Tricks for Grouting Travertine Tiles

A type of limestone found in caverns, travertine is classified as a secondary rock, according to the Indiana Department of Conservation. The construction industry prizes natural stone such as travertine for its durability, aesthetic appeal and sustainability; the National Association of Home Builders estimates stone tiles such as travertine last 50 to 100 years with proper maintenance. Grouting is the final step of installing travertine tile.

Choosing and Mixing Grout

Choose a complementary color of grout to fill in the spaces between the travertine tiles. You buy grout in powder form with premixed colors and then mix it thoroughly, using as little water as possible, according to Home Depot. Using a minimal amount of water results in a strong and colorfast grout that lasts over time. Before mixing and applying grout, allow the tile adhesive to dry and cure for a minimum of 24 hours.

Applying Grout

Once the tile has cured and is firmly in place, use a tool called a grout float to force the grout into the joints between the tiles. Home Depot advises holding the trowel at a 45-degree angle and spreading the grout in sweeping arcs across the tiles and spaces between. To avoid future cracking, work slowly and force the grout deeply into the joints. Once you have filled all the joints, use the grout float to remove the excess grout from the tiles; hold it at a 90-degree angle, and sweep it across the tiles. Allow the grout to dry and harden for several minutes.

Removing Excess Grout

After the grout has hardened for several minutes, remove the excess grout from the travertine tile surfaces with a damp sponge or cheesecloth. Carefully wipe the surfaces in a circular motion so as to avoid removing grout from between the joints. Be sure the sponge or cheesecloth is only slightly damp so the grout does not absorb too much water and sag as it dries completely. If a slight film remains on the tiles after the grout dries completely, wipe them once more with a damp cloth and then dry them completely with a towel. Once the grout dries for the length of time recommended by the grout manufacturer, apply two coats of sealant to the grout with an applicator or paintbrush to protect from stains and water intrusion. You also can use caulk where the grout meets walls or other structures.
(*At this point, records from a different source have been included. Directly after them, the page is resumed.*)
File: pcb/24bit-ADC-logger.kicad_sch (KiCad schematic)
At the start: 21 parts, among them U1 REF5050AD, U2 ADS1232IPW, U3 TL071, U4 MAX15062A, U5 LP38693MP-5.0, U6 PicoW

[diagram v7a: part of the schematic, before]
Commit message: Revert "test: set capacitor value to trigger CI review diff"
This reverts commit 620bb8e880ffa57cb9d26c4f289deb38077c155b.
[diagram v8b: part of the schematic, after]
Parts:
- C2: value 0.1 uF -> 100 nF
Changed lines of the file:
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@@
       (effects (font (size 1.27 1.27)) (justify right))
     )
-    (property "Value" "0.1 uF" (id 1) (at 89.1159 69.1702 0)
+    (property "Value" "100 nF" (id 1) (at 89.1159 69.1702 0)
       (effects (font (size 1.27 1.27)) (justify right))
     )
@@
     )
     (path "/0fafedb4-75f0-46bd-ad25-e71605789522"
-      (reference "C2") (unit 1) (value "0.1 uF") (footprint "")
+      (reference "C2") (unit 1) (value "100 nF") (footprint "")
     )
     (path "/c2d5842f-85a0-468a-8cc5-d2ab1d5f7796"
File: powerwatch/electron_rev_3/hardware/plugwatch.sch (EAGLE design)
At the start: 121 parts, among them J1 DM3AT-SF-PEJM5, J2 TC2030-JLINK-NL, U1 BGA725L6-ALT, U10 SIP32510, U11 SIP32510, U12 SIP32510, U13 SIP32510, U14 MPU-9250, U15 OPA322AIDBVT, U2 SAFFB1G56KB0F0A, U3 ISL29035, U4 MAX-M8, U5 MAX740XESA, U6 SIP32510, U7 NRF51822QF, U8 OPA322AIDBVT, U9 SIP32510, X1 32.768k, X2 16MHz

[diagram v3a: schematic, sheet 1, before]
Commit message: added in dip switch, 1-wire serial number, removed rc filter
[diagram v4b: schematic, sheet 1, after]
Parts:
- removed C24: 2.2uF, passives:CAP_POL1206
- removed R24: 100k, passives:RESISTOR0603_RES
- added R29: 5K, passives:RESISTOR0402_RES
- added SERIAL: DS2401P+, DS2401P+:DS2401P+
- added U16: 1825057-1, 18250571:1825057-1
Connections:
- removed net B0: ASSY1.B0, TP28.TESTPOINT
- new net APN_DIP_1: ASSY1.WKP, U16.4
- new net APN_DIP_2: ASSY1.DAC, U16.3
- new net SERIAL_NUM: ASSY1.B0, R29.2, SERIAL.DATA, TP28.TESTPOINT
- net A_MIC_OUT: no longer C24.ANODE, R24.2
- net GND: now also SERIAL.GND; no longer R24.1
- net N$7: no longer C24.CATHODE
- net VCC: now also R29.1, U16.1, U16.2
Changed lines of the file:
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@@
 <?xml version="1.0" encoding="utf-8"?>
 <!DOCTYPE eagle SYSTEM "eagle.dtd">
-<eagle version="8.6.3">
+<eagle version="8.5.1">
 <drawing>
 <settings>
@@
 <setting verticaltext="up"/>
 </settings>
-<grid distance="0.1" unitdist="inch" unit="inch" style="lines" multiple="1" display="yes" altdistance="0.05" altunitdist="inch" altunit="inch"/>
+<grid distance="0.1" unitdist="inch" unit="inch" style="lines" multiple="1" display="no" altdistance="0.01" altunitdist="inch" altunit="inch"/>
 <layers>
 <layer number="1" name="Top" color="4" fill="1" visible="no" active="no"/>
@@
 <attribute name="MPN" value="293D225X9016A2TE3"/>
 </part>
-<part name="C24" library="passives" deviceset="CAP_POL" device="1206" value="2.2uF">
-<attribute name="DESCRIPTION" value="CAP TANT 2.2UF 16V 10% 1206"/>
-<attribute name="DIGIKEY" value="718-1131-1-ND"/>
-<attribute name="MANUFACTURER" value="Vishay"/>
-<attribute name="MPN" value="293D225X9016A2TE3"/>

Once you have installed and grouted your travertine floor, maintain it by regularly sweeping and vacuuming to avoid dulling the finish over time. Sand and dust from foot traffic may cause abrasive damage to natural stone; providing entry mats for visitors may limit the amount of surface scratches over time, according to the Natural Stone Council. You can use a nonacidic soap and water solution to clean travertine tile and prevent a dull finish.